# String Quartet No. 1



## chee_zee (Aug 16, 2010)

http://forum.youngcomposers.com/music/736/string-quartet-no-1/

In D major stereotypically enough  constructive criticism sought. Unfortunately it's semester so I don't really have the time to program samples, so you're stuck with sibelius sounds, though I guess that's still worlds better than midi.


----------



## chee_zee (Aug 16, 2010)

no feedback? is it because of the sibelius sounds? or is it just that bad


----------



## Klavierspieler (Jul 16, 2011)

Sorry, I will listen and review it as soon as I can.


----------



## chee_zee (Aug 16, 2010)

This place really goes inactive during semester it seems heh heh. when you do get the chance, what doesn't work and why not, is it too cliched or noncoherent or even repetitive, etc, is the kind of feedback I'm looking for.


----------



## Iforgotmypassword (May 16, 2011)

I'm sure it's good man, I just personally can't ever get past how horrible the sound on these composing programs are.
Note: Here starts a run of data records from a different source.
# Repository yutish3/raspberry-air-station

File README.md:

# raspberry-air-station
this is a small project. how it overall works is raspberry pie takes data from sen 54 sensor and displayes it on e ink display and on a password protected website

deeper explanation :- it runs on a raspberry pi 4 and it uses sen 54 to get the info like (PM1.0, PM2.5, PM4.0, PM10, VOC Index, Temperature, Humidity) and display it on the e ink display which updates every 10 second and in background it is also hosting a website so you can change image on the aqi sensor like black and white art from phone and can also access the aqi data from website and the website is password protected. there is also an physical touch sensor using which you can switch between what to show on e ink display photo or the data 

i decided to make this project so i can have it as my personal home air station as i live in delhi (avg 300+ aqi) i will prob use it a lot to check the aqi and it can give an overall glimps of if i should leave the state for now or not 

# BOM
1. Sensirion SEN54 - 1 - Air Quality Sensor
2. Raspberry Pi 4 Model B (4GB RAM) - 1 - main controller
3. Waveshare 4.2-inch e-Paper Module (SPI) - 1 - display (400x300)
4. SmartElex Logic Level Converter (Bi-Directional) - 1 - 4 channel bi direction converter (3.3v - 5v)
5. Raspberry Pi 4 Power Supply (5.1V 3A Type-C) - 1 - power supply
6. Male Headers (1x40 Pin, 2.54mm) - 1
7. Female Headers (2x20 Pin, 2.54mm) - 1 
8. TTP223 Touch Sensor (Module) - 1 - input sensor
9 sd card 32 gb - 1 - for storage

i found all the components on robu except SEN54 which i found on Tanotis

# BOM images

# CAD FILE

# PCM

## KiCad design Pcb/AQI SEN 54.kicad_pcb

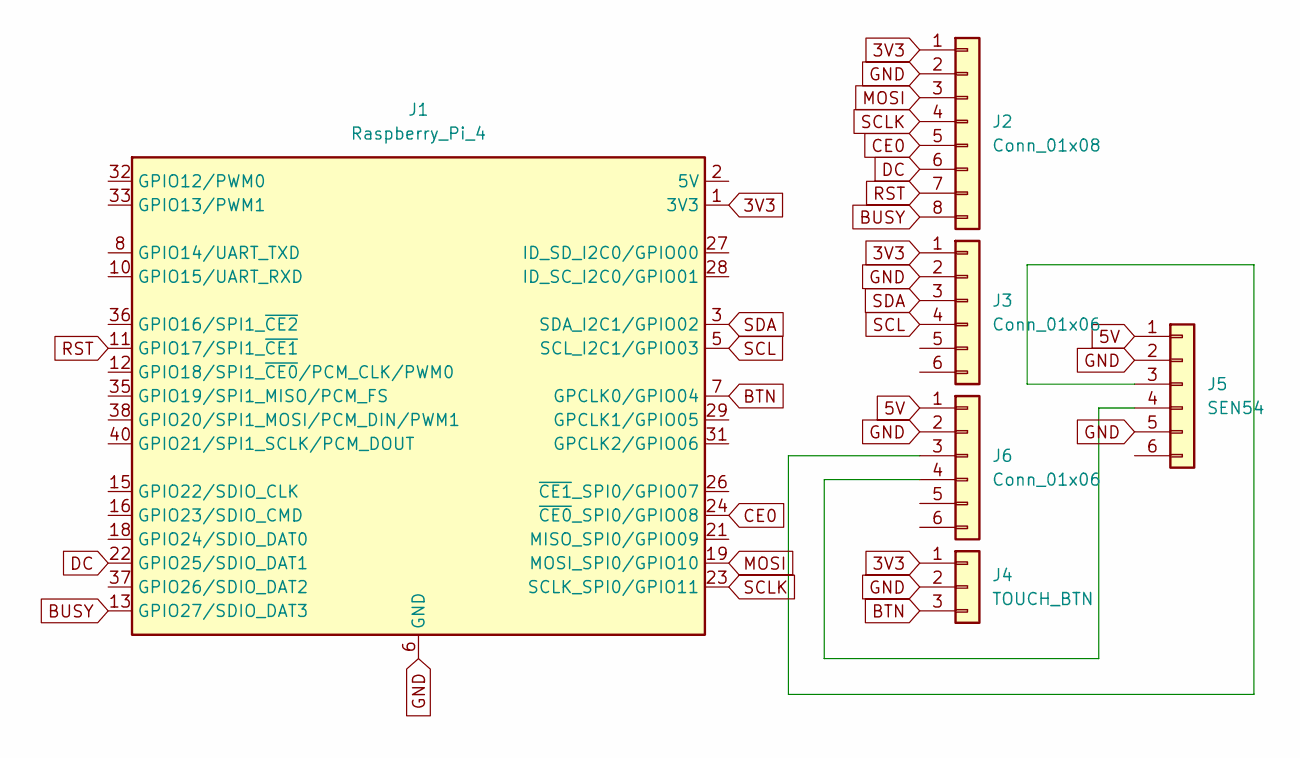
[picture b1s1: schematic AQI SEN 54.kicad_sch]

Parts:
J1: Raspberry_Pi_4; PinSocket_2x20_P2.54mm_Vertical
J2: Conn_01x08; PinHeader_1x08_P2.54mm_Vertical
J3, J6: Conn_01x06; PinHeader_1x06_P2.54mm_Vertical
J4: TOUCH_BTN; PinHeader_1x03_P2.54mm_Vertical
J5: SEN54; PinHeader_1x06_P2.54mm_Vertical

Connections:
3V3: J1.1 (3V3), J1.17 (3V3), J2.1, J3.1, J4.1
5V: J5.1, J6.1
BTN: J1.7 (GPCLK0/GPIO04), J4.3
BUSY: J1.13 (GPIO27/SDIO_DAT3), J2.8
CE0: J1.24 (~CE0_SPI0/GPIO08), J2.5
DC: J1.22 (GPIO25/SDIO_DAT1), J2.6
GND: J1.6 (GND), J1.9 (GND), J1.14 (GND), J1.20 (GND), J1.25 (GND), J1.30 (GND), J1.34 (GND), J1.39 (GND), J2.2, J3.2, J4.2, J5.2, J5.5, J6.2
MOSI: J1.19 (MOSI_SPI0/GPIO10), J2.3
unnamed: J1.2 (5V), J1.4 (5V)
unnamed: J5.3, J6.3
unnamed: J5.4, J6.4
RST: J1.11 (GPIO17/SPI1_~CE1), J2.7
SCL: J1.5 (SCL_I2C1/GPIO03), J3.4
SCLK: J1.23 (SCLK_SPI0/GPIO11), J2.4
SDA: J1.3 (SDA_I2C1/GPIO02), J3.3

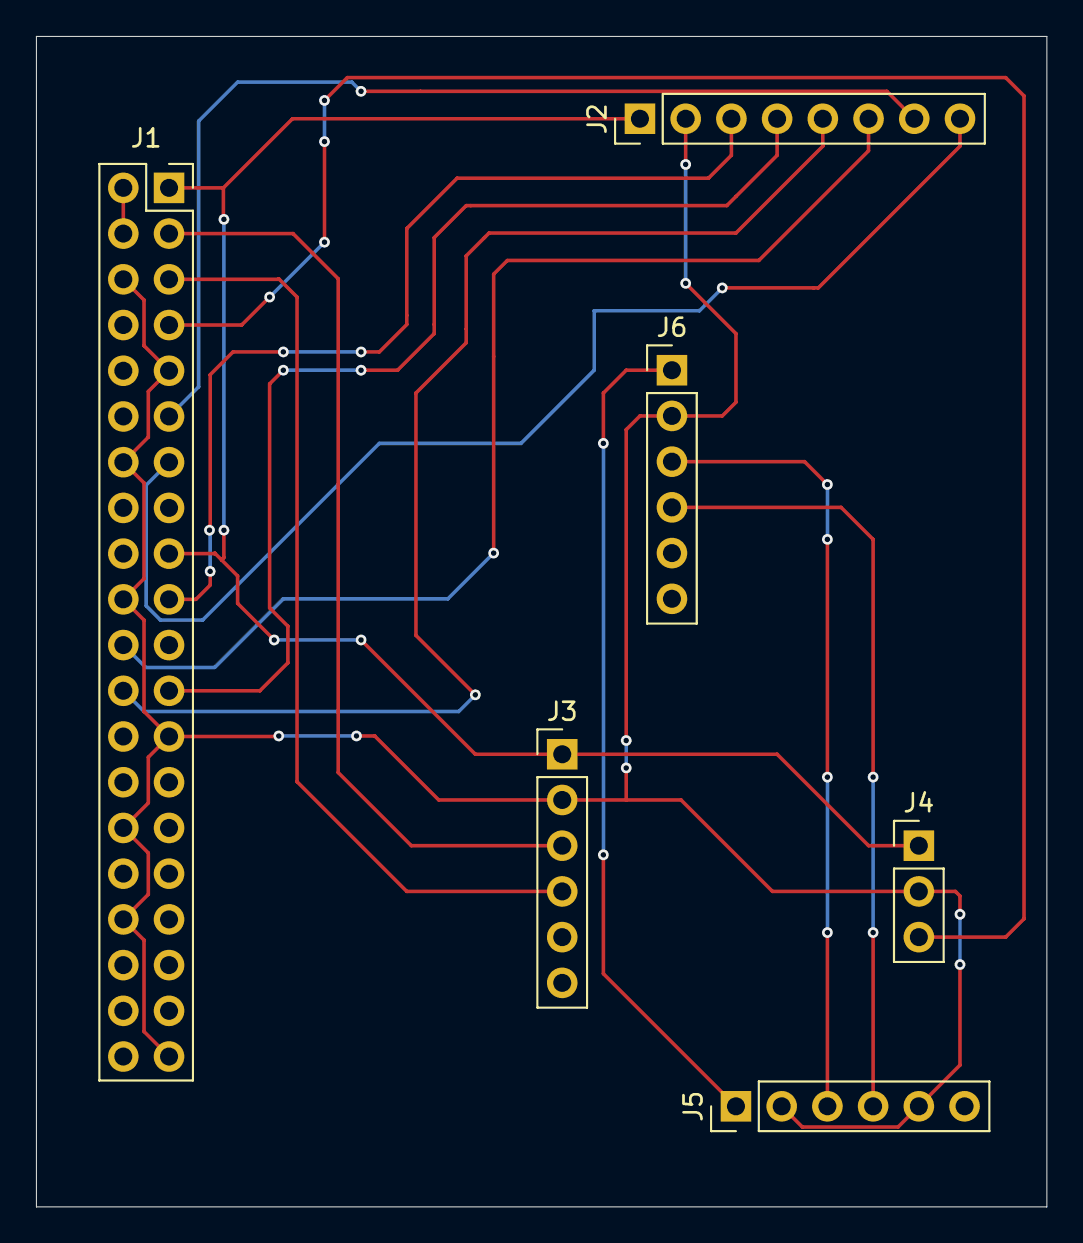
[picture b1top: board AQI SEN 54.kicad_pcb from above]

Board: 2 copper layers, 56.1 x 65.0 mm, 6 parts (0 on the bottom side), 15 nets.

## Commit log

2025-12-18 cad and pcb
2025-12-18 Add README for raspberry-air-station project
    This README provides an overview of the raspberry-air-station project, detailing its functionality, components, and images.
2025-12-18 firmware
2025-12-18 Add 32GB SD card to components list
    Added mention of 32GB SD card for storage.
2025-12-18 Add BOM images to README
    Added additional BOM images to the README.
2025-12-18 Add BOM.CSV with component details and costs
2025-12-18 Create BOM.csv with component details
    Added a Bill of Materials (BOM) with parts, quantities, vendors, and costs.
2025-12-19 Add BOM images section to README

You should hire a crew of professional musicians to play your piece in exchange for a large black sheepdog or something.


----------



## Couchie (Dec 9, 2010)

I can't help but find it nihilistic.


----------



## Lunasong (Mar 15, 2011)

I didn't like it. There didn't seem to be any development behind it; just a bunch of notes strung together.


----------



## myaskovsky2002 (Oct 3, 2010)

chee_zee said:


> no feedback? is it because of the sibelius sounds? or is it just that bad


Sibelius sound?????? This seems to be a midi. I don't like midi...and very baroque...Should I tell you wether I like it or not?
I don't. IMHO Quartets are rich, Midi is poor. And if this is not baroque, my ears are rotten. I don't like baroque.

Martin


----------